Background

For this exercise we will perform some data exploration on a dataset containing information for NYC Airbnb rentals. You can find the CSV file here. The final script should be a python file that performs all the requirements as listed in the script instructions. You may find that it is easiest to explore data using a jupyter notebook/IPython notebook. It is completely encouraged that you do the majority of the data exploration in a notebook and then transfer your code to a script that we can run from the terminal. You may access the seaborn documentation for help making plots here: Seaborn Documentation

Instructions

  • import seaborn

  • import pandas

  • Requirement 1:

    • Export a boxplot that will display a boxplot for every neighborhood group’s price for listings where the prices are below 400. Make sure that every room type also gets its own boxplot for each neighborhood group. Save this boxplot as “boxplot1.png” on your current working directory.
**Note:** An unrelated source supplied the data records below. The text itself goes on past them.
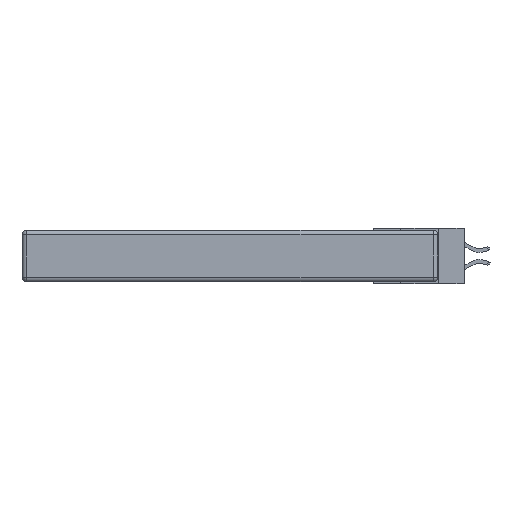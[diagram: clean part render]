
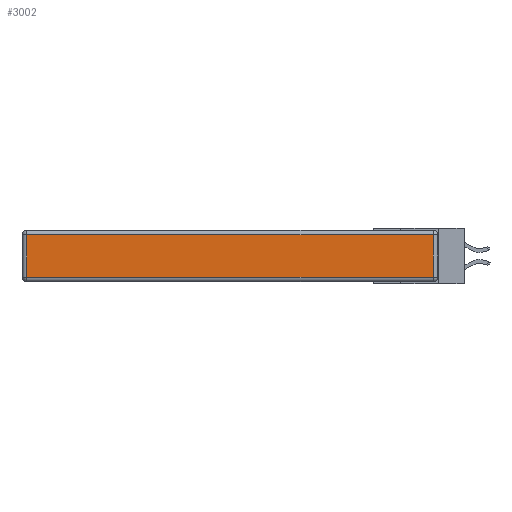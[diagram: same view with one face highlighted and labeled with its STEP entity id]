
A CAD part, left-side view. The second image highlights one B-rep face of the part: STEP entity #3002.
In plain terms, the highlighted planar face has unit normal (-1, 0, 0).
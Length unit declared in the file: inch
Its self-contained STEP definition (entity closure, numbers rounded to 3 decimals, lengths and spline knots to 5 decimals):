
#45 = AXIS2_PLACEMENT_3D ( 'NONE', #1688, #13537, #12020 ) ;
#540 = LINE ( 'NONE', #4034, #991 ) ;
#648 = CARTESIAN_POINT ( 'NONE',  ( 0., 0.03, -0.313 ) ) ;
#930 = ORIENTED_EDGE ( 'NONE', *, *, #17896, .T. ) ;
#991 = VECTOR ( 'NONE', #8322, 39.37008 ) ;
#1546 = ORIENTED_EDGE ( 'NONE', *, *, #5506, .T. ) ;
#1688 = CARTESIAN_POINT ( 'NONE',  ( 0., 0., -0.343 ) ) ;
#3002 = ADVANCED_FACE ( 'NONE', ( #3122 ), #3336, .T. ) ;
#3122 = FACE_OUTER_BOUND ( 'NONE', #18900, .T. ) ;
#3336 = PLANE ( 'NONE',  #45 ) ;
#3992 = CARTESIAN_POINT ( 'NONE',  ( 0., 2.72, -0.343 ) ) ;
#4034 = CARTESIAN_POINT ( 'NONE',  ( 0., 0., -0.313 ) ) ;
#4506 = CARTESIAN_POINT ( 'NONE',  ( 0., 0.03, -0.343 ) ) ;
#5506 = EDGE_CURVE ( 'NONE', #14240, #10334, #11725, .T. ) ;
#6897 = LINE ( 'NONE', #4506, #17632 ) ;
#8322 = DIRECTION ( 'NONE',  ( 0., -1., 0. ) ) ;
#8997 = DIRECTION ( 'NONE',  ( 0., 0., 1. ) ) ;
#9900 = DIRECTION ( 'NONE',  ( 0., 1., 0. ) ) ;
#10334 = VERTEX_POINT ( 'NONE', #18072 ) ;
#10804 = VECTOR ( 'NONE', #11204, 39.37008 ) ;
#11204 = DIRECTION ( 'NONE',  ( 0., 0., -1. ) ) ;
#11336 = VECTOR ( 'NONE', #9900, 39.37008 ) ;
#11417 = ORIENTED_EDGE ( 'NONE', *, *, #14622, .T. ) ;
#11725 = LINE ( 'NONE', #3992, #10804 ) ;
#12020 = DIRECTION ( 'NONE',  ( 0., 0., 1. ) ) ;
#12616 = ORIENTED_EDGE ( 'NONE', *, *, #13039, .T. ) ;
#13039 = EDGE_CURVE ( 'NONE', #18223, #14240, #17281, .T. ) ;
#13537 = DIRECTION ( 'NONE',  ( -1., 0., 0. ) ) ;
#14240 = VERTEX_POINT ( 'NONE', #15225 ) ;
#14622 = EDGE_CURVE ( 'NONE', #10334, #17486, #540, .T. ) ;
#15225 = CARTESIAN_POINT ( 'NONE',  ( 0., 2.72, -0.03 ) ) ;
#17281 = LINE ( 'NONE', #18657, #11336 ) ;
#17381 = CARTESIAN_POINT ( 'NONE',  ( 0., 0.03, -0.03 ) ) ;
#17486 = VERTEX_POINT ( 'NONE', #648 ) ;
#17632 = VECTOR ( 'NONE', #8997, 39.37008 ) ;
#17896 = EDGE_CURVE ( 'NONE', #17486, #18223, #6897, .T. ) ;
#18072 = CARTESIAN_POINT ( 'NONE',  ( 0., 2.72, -0.313 ) ) ;
#18223 = VERTEX_POINT ( 'NONE', #17381 ) ;
#18657 = CARTESIAN_POINT ( 'NONE',  ( 0., 2.75, -0.03 ) ) ;
#18900 = EDGE_LOOP ( 'NONE', ( #11417, #930, #12616, #1546 ) ) ;
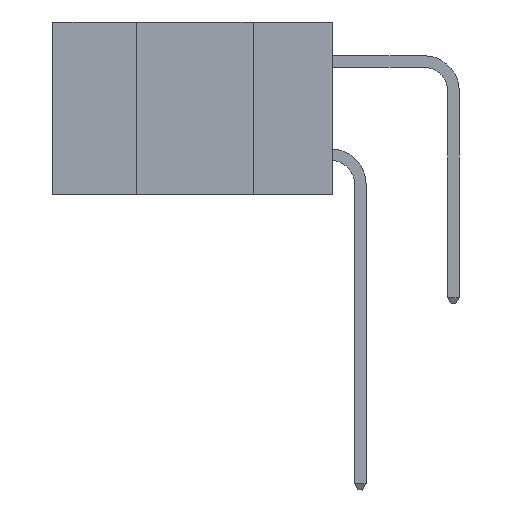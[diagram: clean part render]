
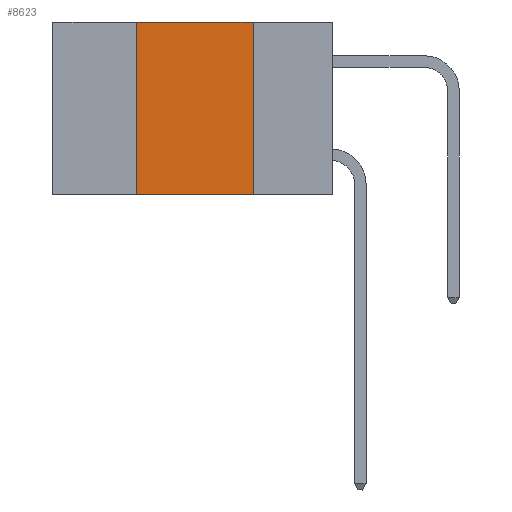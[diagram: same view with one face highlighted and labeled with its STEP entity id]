
A CAD part, left-side view. The second image highlights one B-rep face of the part: STEP entity #8623.
In plain terms, the highlighted planar face has unit normal (-1, 0, 0).
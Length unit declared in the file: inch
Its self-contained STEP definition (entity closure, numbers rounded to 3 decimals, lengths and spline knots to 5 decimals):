
#112 = DIRECTION ( 'NONE',  ( 0., 0., 1. ) ) ;
#207 = ORIENTED_EDGE ( 'NONE', *, *, #7903, .F. ) ;
#560 = DIRECTION ( 'NONE',  ( 0., -1., 0. ) ) ;
#569 = VERTEX_POINT ( 'NONE', #17306 ) ;
#1127 = VERTEX_POINT ( 'NONE', #9441 ) ;
#1933 = ORIENTED_EDGE ( 'NONE', *, *, #15218, .T. ) ;
#2886 = CARTESIAN_POINT ( 'NONE',  ( 0., 0.6, 0. ) ) ;
#3788 = CARTESIAN_POINT ( 'NONE',  ( 0., 0.6, -0.37 ) ) ;
#3833 = DIRECTION ( 'NONE',  ( 0., -1., 0. ) ) ;
#3993 = LINE ( 'NONE', #16413, #10566 ) ;
#4455 = DIRECTION ( 'NONE',  ( 1., 0., 0. ) ) ;
#5560 = EDGE_CURVE ( 'NONE', #1127, #9943, #17016, .T. ) ;
#6514 = VECTOR ( 'NONE', #3833, 39.37008 ) ;
#7061 = DIRECTION ( 'NONE',  ( 0., 0., -1. ) ) ;
#7482 = EDGE_CURVE ( 'NONE', #15801, #1127, #18399, .T. ) ;
#7903 = EDGE_CURVE ( 'NONE', #9943, #569, #3993, .T. ) ;
#8253 = CARTESIAN_POINT ( 'NONE',  ( 0., 0.42, -0.37 ) ) ;
#8384 = CARTESIAN_POINT ( 'NONE',  ( 0., 0.6, 0. ) ) ;
#8623 = ADVANCED_FACE ( 'NONE', ( #10790 ), #18155, .F. ) ;
#8675 = ORIENTED_EDGE ( 'NONE', *, *, #7482, .F. ) ;
#9019 = EDGE_LOOP ( 'NONE', ( #207, #18128, #8675, #1933 ) ) ;
#9441 = CARTESIAN_POINT ( 'NONE',  ( 0., 0.42, 0. ) ) ;
#9943 = VERTEX_POINT ( 'NONE', #18766 ) ;
#10566 = VECTOR ( 'NONE', #7061, 39.37008 ) ;
#10790 = FACE_OUTER_BOUND ( 'NONE', #9019, .T. ) ;
#12721 = CARTESIAN_POINT ( 'NONE',  ( 0., 0.42, 0. ) ) ;
#15218 = EDGE_CURVE ( 'NONE', #15801, #569, #18811, .T. ) ;
#15801 = VERTEX_POINT ( 'NONE', #8253 ) ;
#16413 = CARTESIAN_POINT ( 'NONE',  ( 0., 0.17, 0. ) ) ;
#16954 = DIRECTION ( 'NONE',  ( 0., 0., -1. ) ) ;
#17016 = LINE ( 'NONE', #8384, #6514 ) ;
#17306 = CARTESIAN_POINT ( 'NONE',  ( 0., 0.17, -0.37 ) ) ;
#18128 = ORIENTED_EDGE ( 'NONE', *, *, #5560, .F. ) ;
#18155 = PLANE ( 'NONE',  #19883 ) ;
#18324 = VECTOR ( 'NONE', #560, 39.37008 ) ;
#18399 = LINE ( 'NONE', #12721, #18633 ) ;
#18633 = VECTOR ( 'NONE', #112, 39.37008 ) ;
#18766 = CARTESIAN_POINT ( 'NONE',  ( 0., 0.17, 0. ) ) ;
#18811 = LINE ( 'NONE', #3788, #18324 ) ;
#19883 = AXIS2_PLACEMENT_3D ( 'NONE', #2886, #4455, #16954 ) ;
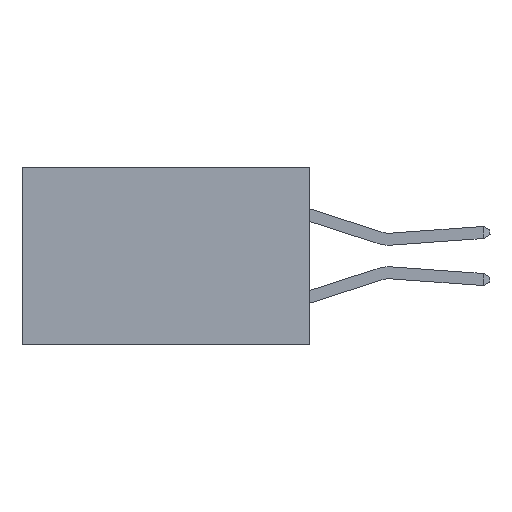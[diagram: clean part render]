
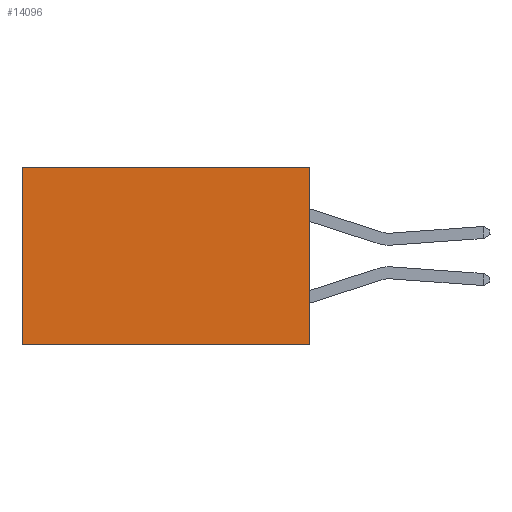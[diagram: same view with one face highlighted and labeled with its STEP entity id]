
A CAD part, left-side view. The second image highlights one B-rep face of the part: STEP entity #14096.
In plain terms, the highlighted planar face has unit normal (-1, 0, 0).
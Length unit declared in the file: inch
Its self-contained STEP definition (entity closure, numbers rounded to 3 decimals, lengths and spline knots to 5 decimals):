
#106 = EDGE_LOOP ( 'NONE', ( #11831, #9484, #10174, #10396 ) ) ;
#216 = VECTOR ( 'NONE', #3627, 39.37008 ) ;
#281 = CARTESIAN_POINT ( 'NONE',  ( 0.2615, 0., -0.37 ) ) ;
#743 = EDGE_CURVE ( 'NONE', #8411, #14138, #13391, .T. ) ;
#1015 = VERTEX_POINT ( 'NONE', #5757 ) ;
#1203 = CARTESIAN_POINT ( 'NONE',  ( 0.2615, 0.6, 0. ) ) ;
#1544 = DIRECTION ( 'NONE',  ( 0., 1., 0. ) ) ;
#2194 = VECTOR ( 'NONE', #14506, 39.37008 ) ;
#3430 = CARTESIAN_POINT ( 'NONE',  ( 0.2615, 0., 0. ) ) ;
#3627 = DIRECTION ( 'NONE',  ( 0., 0., -1. ) ) ;
#3682 = CARTESIAN_POINT ( 'NONE',  ( 0.2615, 0., 0. ) ) ;
#3925 = VECTOR ( 'NONE', #1544, 39.37008 ) ;
#5075 = DIRECTION ( 'NONE',  ( 0., 0., -1. ) ) ;
#5242 = EDGE_CURVE ( 'NONE', #1015, #14138, #7778, .T. ) ;
#5757 = CARTESIAN_POINT ( 'NONE',  ( 0.2615, 0., -0.37 ) ) ;
#5861 = LINE ( 'NONE', #14442, #216 ) ;
#6243 = CARTESIAN_POINT ( 'NONE',  ( 0.2615, 0.6, -0.37 ) ) ;
#6668 = CARTESIAN_POINT ( 'NONE',  ( 0.2615, 0., -0.37 ) ) ;
#7009 = AXIS2_PLACEMENT_3D ( 'NONE', #281, #7539, #5075 ) ;
#7459 = FACE_OUTER_BOUND ( 'NONE', #106, .T. ) ;
#7537 = VECTOR ( 'NONE', #9278, 39.37008 ) ;
#7539 = DIRECTION ( 'NONE',  ( 1., 0., 0. ) ) ;
#7778 = LINE ( 'NONE', #6668, #3925 ) ;
#7831 = LINE ( 'NONE', #3430, #7537 ) ;
#8411 = VERTEX_POINT ( 'NONE', #1203 ) ;
#9145 = VERTEX_POINT ( 'NONE', #3682 ) ;
#9278 = DIRECTION ( 'NONE',  ( 0., 1., 0. ) ) ;
#9484 = ORIENTED_EDGE ( 'NONE', *, *, #5242, .F. ) ;
#10174 = ORIENTED_EDGE ( 'NONE', *, *, #14268, .F. ) ;
#10396 = ORIENTED_EDGE ( 'NONE', *, *, #14609, .T. ) ;
#11693 = CARTESIAN_POINT ( 'NONE',  ( 0.2615, 0.6, -0.37 ) ) ;
#11831 = ORIENTED_EDGE ( 'NONE', *, *, #743, .T. ) ;
#12236 = PLANE ( 'NONE',  #7009 ) ;
#13391 = LINE ( 'NONE', #6243, #2194 ) ;
#14096 = ADVANCED_FACE ( 'NONE', ( #7459 ), #12236, .F. ) ;
#14138 = VERTEX_POINT ( 'NONE', #11693 ) ;
#14268 = EDGE_CURVE ( 'NONE', #9145, #1015, #5861, .T. ) ;
#14442 = CARTESIAN_POINT ( 'NONE',  ( 0.2615, 0., -0.37 ) ) ;
#14506 = DIRECTION ( 'NONE',  ( 0., 0., -1. ) ) ;
#14609 = EDGE_CURVE ( 'NONE', #9145, #8411, #7831, .T. ) ;

      • Note: What information can you gather from this box plot?

    • The resulting graph should look something like this:

      • Output1

  • Requirement 2:

    • A couple of the hosts seem to be creating multiple listings. We may need to identify who these hosts are to make sure that they are using the Airbnb platform appropriately.

    • Identify the 2 host id’s with the highest count of listings. There are plenty of ways to do this, however, you may find it easiest to group the dataframe by the host id and summarize the groupings by using the count() method. This gives you the count of instances of the host_id. Then you can sort the data frame based on the count to identify the two highest manually.

    • Create 2 separate data frames, containing listings pertaining to the two user ids with the highest amount of listings.

    • For each data frame export a boxplot for the prices of the user’s listings. Make sure to separate out the boxplots for each minimum stay amount. Make sure that every room type also gets its own boxplot foreach minimum stay. Save these boxplots as “boxplot2.png” and “boxplot2.png” on your current working directory.

      • Note: What information can you gather from these plots?

    • The resulting graphs should look something like this:

      • Output2

    • Note: Explore the two users, after a quick google search, what can you tell me about who those two users are?

Note

  • Box and whisker plots are not explicitly mentioned in the lectures. Part of the goal of this exercise is to learn to dig through documentation that is available to us publicly. For information on creating a box and whisker plot using seaborn please reference the documentation which has very thorough explanations on how to make the different types of graphs and plots.